WORK INSTRUCTIONS => All of the records below must be reproduced exactly, minus any pictures.

DATA FOR ANALYSIS =>
········

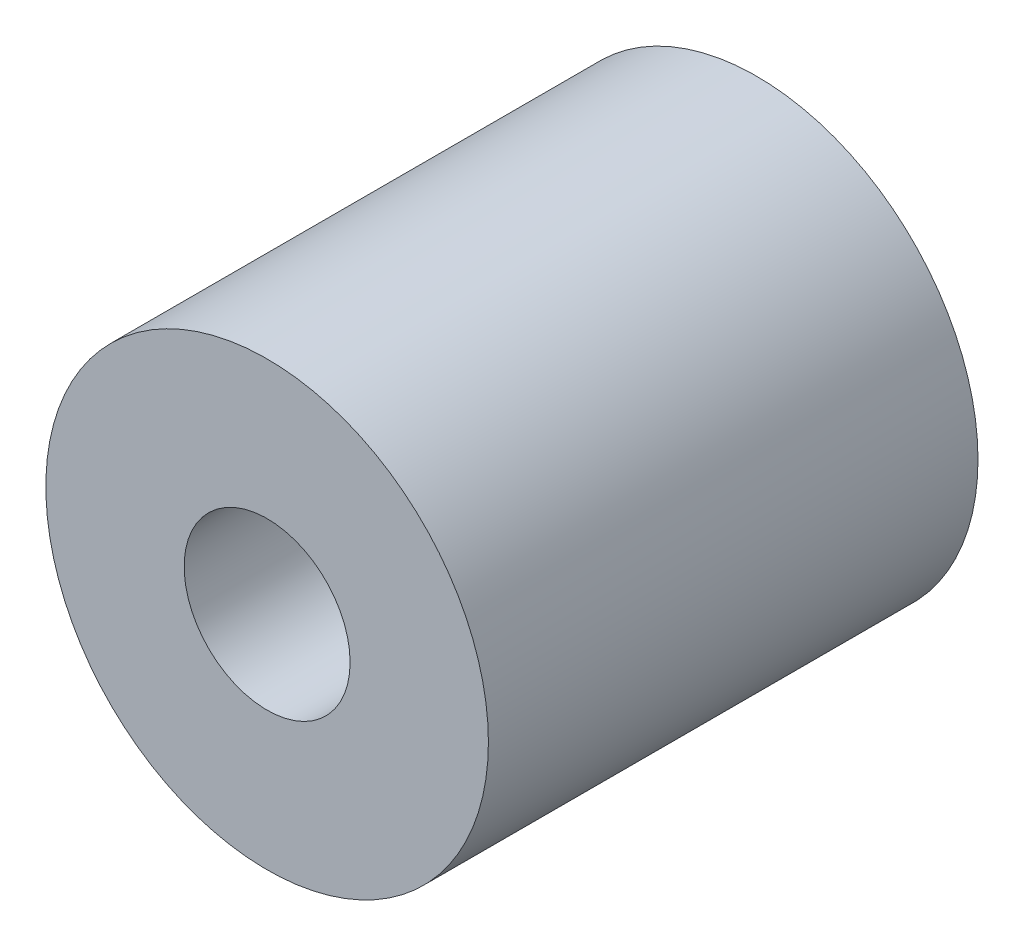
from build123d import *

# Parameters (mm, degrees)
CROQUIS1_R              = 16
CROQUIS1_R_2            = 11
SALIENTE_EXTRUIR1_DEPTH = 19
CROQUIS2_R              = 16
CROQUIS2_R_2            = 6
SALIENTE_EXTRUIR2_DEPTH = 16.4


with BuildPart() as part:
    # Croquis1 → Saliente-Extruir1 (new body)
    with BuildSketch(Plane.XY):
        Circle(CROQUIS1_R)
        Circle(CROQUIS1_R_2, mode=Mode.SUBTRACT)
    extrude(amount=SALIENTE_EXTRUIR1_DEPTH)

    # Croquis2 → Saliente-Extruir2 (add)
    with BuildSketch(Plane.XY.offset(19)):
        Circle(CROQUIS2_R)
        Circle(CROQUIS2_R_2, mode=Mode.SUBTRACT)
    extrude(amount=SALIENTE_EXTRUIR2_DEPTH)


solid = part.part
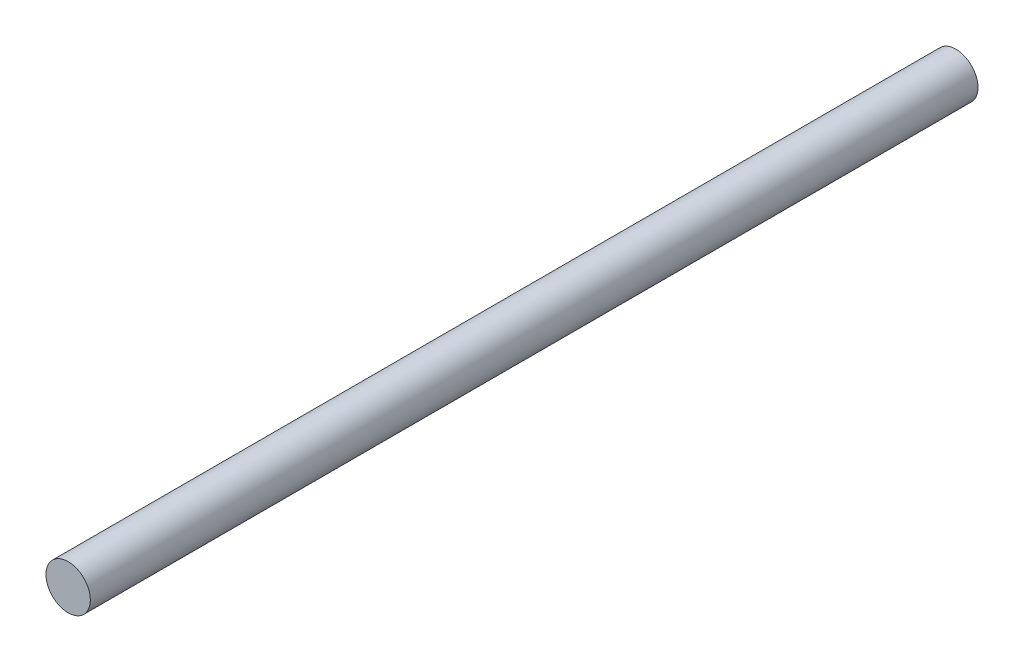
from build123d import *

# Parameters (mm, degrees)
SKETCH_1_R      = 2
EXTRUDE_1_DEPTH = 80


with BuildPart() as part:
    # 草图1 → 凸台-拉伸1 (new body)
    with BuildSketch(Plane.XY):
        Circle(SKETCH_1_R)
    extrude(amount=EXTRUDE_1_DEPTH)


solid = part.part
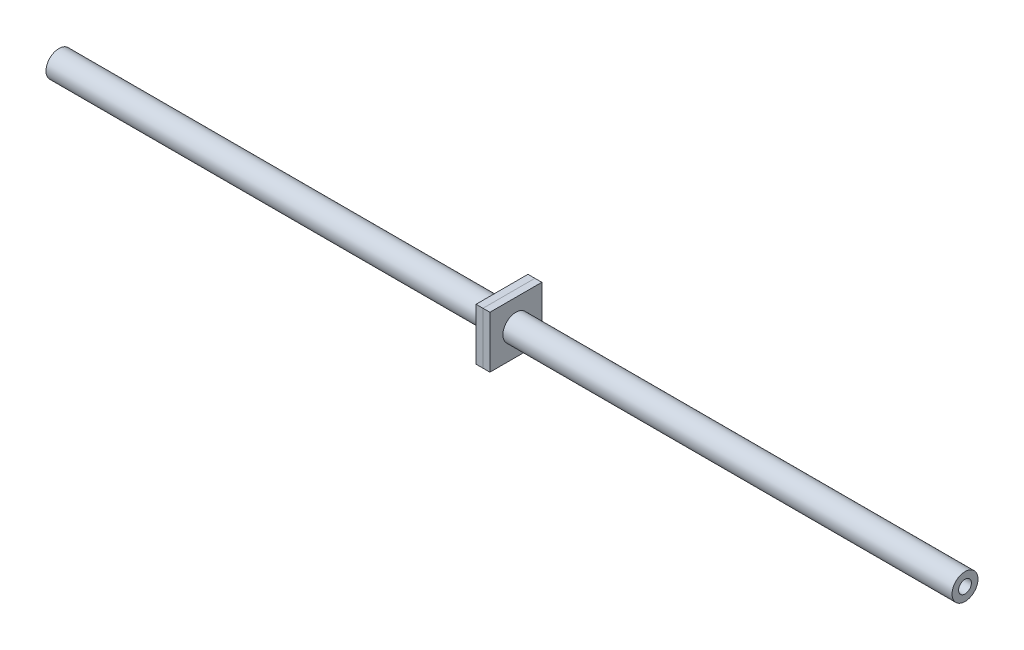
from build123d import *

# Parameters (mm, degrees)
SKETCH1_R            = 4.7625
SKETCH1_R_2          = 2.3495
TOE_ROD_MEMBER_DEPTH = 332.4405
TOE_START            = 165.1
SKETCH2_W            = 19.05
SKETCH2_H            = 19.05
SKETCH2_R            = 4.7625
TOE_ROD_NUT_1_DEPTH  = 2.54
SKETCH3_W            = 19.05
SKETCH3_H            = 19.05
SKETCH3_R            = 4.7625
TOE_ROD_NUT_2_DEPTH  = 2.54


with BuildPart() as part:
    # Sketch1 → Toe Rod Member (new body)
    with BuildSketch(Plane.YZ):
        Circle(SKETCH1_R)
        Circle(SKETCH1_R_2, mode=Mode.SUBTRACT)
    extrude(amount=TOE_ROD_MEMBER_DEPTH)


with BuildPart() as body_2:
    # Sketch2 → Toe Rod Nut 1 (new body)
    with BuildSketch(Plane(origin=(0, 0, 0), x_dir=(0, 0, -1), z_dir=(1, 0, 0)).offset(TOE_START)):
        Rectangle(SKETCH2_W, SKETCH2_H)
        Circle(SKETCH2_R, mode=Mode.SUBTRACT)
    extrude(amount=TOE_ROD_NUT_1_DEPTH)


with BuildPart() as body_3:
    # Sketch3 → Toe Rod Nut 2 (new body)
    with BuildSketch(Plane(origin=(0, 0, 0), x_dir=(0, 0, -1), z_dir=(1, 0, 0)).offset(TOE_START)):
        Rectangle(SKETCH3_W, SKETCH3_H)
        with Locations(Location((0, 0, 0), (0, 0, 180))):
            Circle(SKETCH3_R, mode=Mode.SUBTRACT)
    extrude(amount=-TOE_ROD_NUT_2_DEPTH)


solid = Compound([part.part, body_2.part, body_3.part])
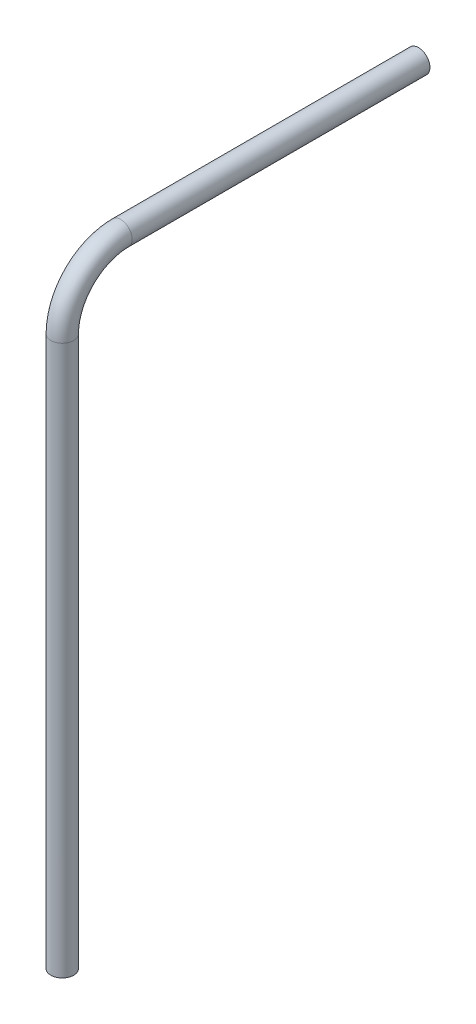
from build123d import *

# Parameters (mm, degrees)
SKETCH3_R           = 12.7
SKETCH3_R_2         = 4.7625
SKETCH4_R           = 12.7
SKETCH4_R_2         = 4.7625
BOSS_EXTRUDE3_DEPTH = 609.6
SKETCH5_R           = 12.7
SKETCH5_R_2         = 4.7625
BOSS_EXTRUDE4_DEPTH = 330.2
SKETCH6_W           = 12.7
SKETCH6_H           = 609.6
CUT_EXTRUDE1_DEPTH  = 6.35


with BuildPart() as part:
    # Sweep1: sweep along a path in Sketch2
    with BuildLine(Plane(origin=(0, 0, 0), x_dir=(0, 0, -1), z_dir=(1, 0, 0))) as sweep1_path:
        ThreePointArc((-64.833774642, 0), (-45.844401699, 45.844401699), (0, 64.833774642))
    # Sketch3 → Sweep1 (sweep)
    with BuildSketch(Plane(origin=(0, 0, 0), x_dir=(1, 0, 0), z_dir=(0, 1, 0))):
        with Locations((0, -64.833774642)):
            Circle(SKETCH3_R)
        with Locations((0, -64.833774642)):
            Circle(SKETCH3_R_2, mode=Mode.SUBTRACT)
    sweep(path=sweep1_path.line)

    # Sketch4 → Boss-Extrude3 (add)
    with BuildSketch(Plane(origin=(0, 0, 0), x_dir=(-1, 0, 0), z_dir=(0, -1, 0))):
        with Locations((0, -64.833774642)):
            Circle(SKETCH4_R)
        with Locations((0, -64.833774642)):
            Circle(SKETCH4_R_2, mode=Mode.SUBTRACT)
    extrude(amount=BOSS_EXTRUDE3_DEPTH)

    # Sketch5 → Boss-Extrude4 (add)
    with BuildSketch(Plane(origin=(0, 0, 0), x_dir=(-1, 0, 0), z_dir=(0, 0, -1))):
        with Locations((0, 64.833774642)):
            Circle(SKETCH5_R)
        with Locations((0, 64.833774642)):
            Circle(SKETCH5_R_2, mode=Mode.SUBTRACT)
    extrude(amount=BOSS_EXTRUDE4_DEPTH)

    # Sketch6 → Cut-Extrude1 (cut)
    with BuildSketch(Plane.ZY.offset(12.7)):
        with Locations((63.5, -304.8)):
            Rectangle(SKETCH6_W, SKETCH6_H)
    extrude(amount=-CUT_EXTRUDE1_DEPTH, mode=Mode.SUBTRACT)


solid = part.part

········

THE ANSWER =>
from build123d import *

# Parameters (mm, degrees)
CROQUIS1_R              = 16
CROQUIS1_R_2            = 11
SALIENTE_EXTRUIR1_DEPTH = 19
CROQUIS2_R              = 16
CROQUIS2_R_2            = 6
SALIENTE_EXTRUIR2_DEPTH = 16.4


with BuildPart() as part:
    # Croquis1 → Saliente-Extruir1 (new body)
    with BuildSketch(Plane.XY):
        Circle(CROQUIS1_R)
        Circle(CROQUIS1_R_2, mode=Mode.SUBTRACT)
    extrude(amount=SALIENTE_EXTRUIR1_DEPTH)

    # Croquis2 → Saliente-Extruir2 (add)
    with BuildSketch(Plane.XY.offset(19)):
        Circle(CROQUIS2_R)
        Circle(CROQUIS2_R_2, mode=Mode.SUBTRACT)
    extrude(amount=SALIENTE_EXTRUIR2_DEPTH)


solid = part.part
from build123d import *

# Parameters (mm, degrees)
SKETCH_1_R      = 2
EXTRUDE_1_DEPTH = 80


with BuildPart() as part:
    # 草图1 → 凸台-拉伸1 (new body)
    with BuildSketch(Plane.XY):
        Circle(SKETCH_1_R)
    extrude(amount=EXTRUDE_1_DEPTH)


solid = part.part
from build123d import *

# Parameters (mm, degrees)
SKETCH1_R            = 4.7625
SKETCH1_R_2          = 2.3495
TOE_ROD_MEMBER_DEPTH = 332.4405
TOE_START            = 165.1
SKETCH2_W            = 19.05
SKETCH2_H            = 19.05
SKETCH2_R            = 4.7625
TOE_ROD_NUT_1_DEPTH  = 2.54
SKETCH3_W            = 19.05
SKETCH3_H            = 19.05
SKETCH3_R            = 4.7625
TOE_ROD_NUT_2_DEPTH  = 2.54


with BuildPart() as part:
    # Sketch1 → Toe Rod Member (new body)
    with BuildSketch(Plane.YZ):
        Circle(SKETCH1_R)
        Circle(SKETCH1_R_2, mode=Mode.SUBTRACT)
    extrude(amount=TOE_ROD_MEMBER_DEPTH)


with BuildPart() as body_2:
    # Sketch2 → Toe Rod Nut 1 (new body)
    with BuildSketch(Plane(origin=(0, 0, 0), x_dir=(0, 0, -1), z_dir=(1, 0, 0)).offset(TOE_START)):
        Rectangle(SKETCH2_W, SKETCH2_H)
        Circle(SKETCH2_R, mode=Mode.SUBTRACT)
    extrude(amount=TOE_ROD_NUT_1_DEPTH)


with BuildPart() as body_3:
    # Sketch3 → Toe Rod Nut 2 (new body)
    with BuildSketch(Plane(origin=(0, 0, 0), x_dir=(0, 0, -1), z_dir=(1, 0, 0)).offset(TOE_START)):
        Rectangle(SKETCH3_W, SKETCH3_H)
        with Locations(Location((0, 0, 0), (0, 0, 180))):
            Circle(SKETCH3_R, mode=Mode.SUBTRACT)
    extrude(amount=-TOE_ROD_NUT_2_DEPTH)


solid = Compound([part.part, body_2.part, body_3.part])
from build123d import *

# Parameters (mm, degrees)
SKETCH3_R           = 12.7
SKETCH3_R_2         = 4.7625
SKETCH4_R           = 12.7
SKETCH4_R_2         = 4.7625
BOSS_EXTRUDE3_DEPTH = 609.6
SKETCH5_R           = 12.7
SKETCH5_R_2         = 4.7625
BOSS_EXTRUDE4_DEPTH = 330.2
SKETCH6_W           = 12.7
SKETCH6_H           = 609.6
CUT_EXTRUDE1_DEPTH  = 6.35


with BuildPart() as part:
    # Sweep1: sweep along a path in Sketch2
    with BuildLine(Plane(origin=(0, 0, 0), x_dir=(0, 0, -1), z_dir=(1, 0, 0))) as sweep1_path:
        ThreePointArc((-64.833774642, 0), (-45.844401699, 45.844401699), (0, 64.833774642))
    # Sketch3 → Sweep1 (sweep)
    with BuildSketch(Plane(origin=(0, 0, 0), x_dir=(1, 0, 0), z_dir=(0, 1, 0))):
        with Locations((0, -64.833774642)):
            Circle(SKETCH3_R)
        with Locations((0, -64.833774642)):
            Circle(SKETCH3_R_2, mode=Mode.SUBTRACT)
    sweep(path=sweep1_path.line)

    # Sketch4 → Boss-Extrude3 (add)
    with BuildSketch(Plane(origin=(0, 0, 0), x_dir=(-1, 0, 0), z_dir=(0, -1, 0))):
        with Locations((0, -64.833774642)):
            Circle(SKETCH4_R)
        with Locations((0, -64.833774642)):
            Circle(SKETCH4_R_2, mode=Mode.SUBTRACT)
    extrude(amount=BOSS_EXTRUDE3_DEPTH)

    # Sketch5 → Boss-Extrude4 (add)
    with BuildSketch(Plane(origin=(0, 0, 0), x_dir=(-1, 0, 0), z_dir=(0, 0, -1))):
        with Locations((0, 64.833774642)):
            Circle(SKETCH5_R)
        with Locations((0, 64.833774642)):
            Circle(SKETCH5_R_2, mode=Mode.SUBTRACT)
    extrude(amount=BOSS_EXTRUDE4_DEPTH)

    # Sketch6 → Cut-Extrude1 (cut)
    with BuildSketch(Plane.ZY.offset(12.7)):
        with Locations((63.5, -304.8)):
            Rectangle(SKETCH6_W, SKETCH6_H)
    extrude(amount=-CUT_EXTRUDE1_DEPTH, mode=Mode.SUBTRACT)


solid = part.part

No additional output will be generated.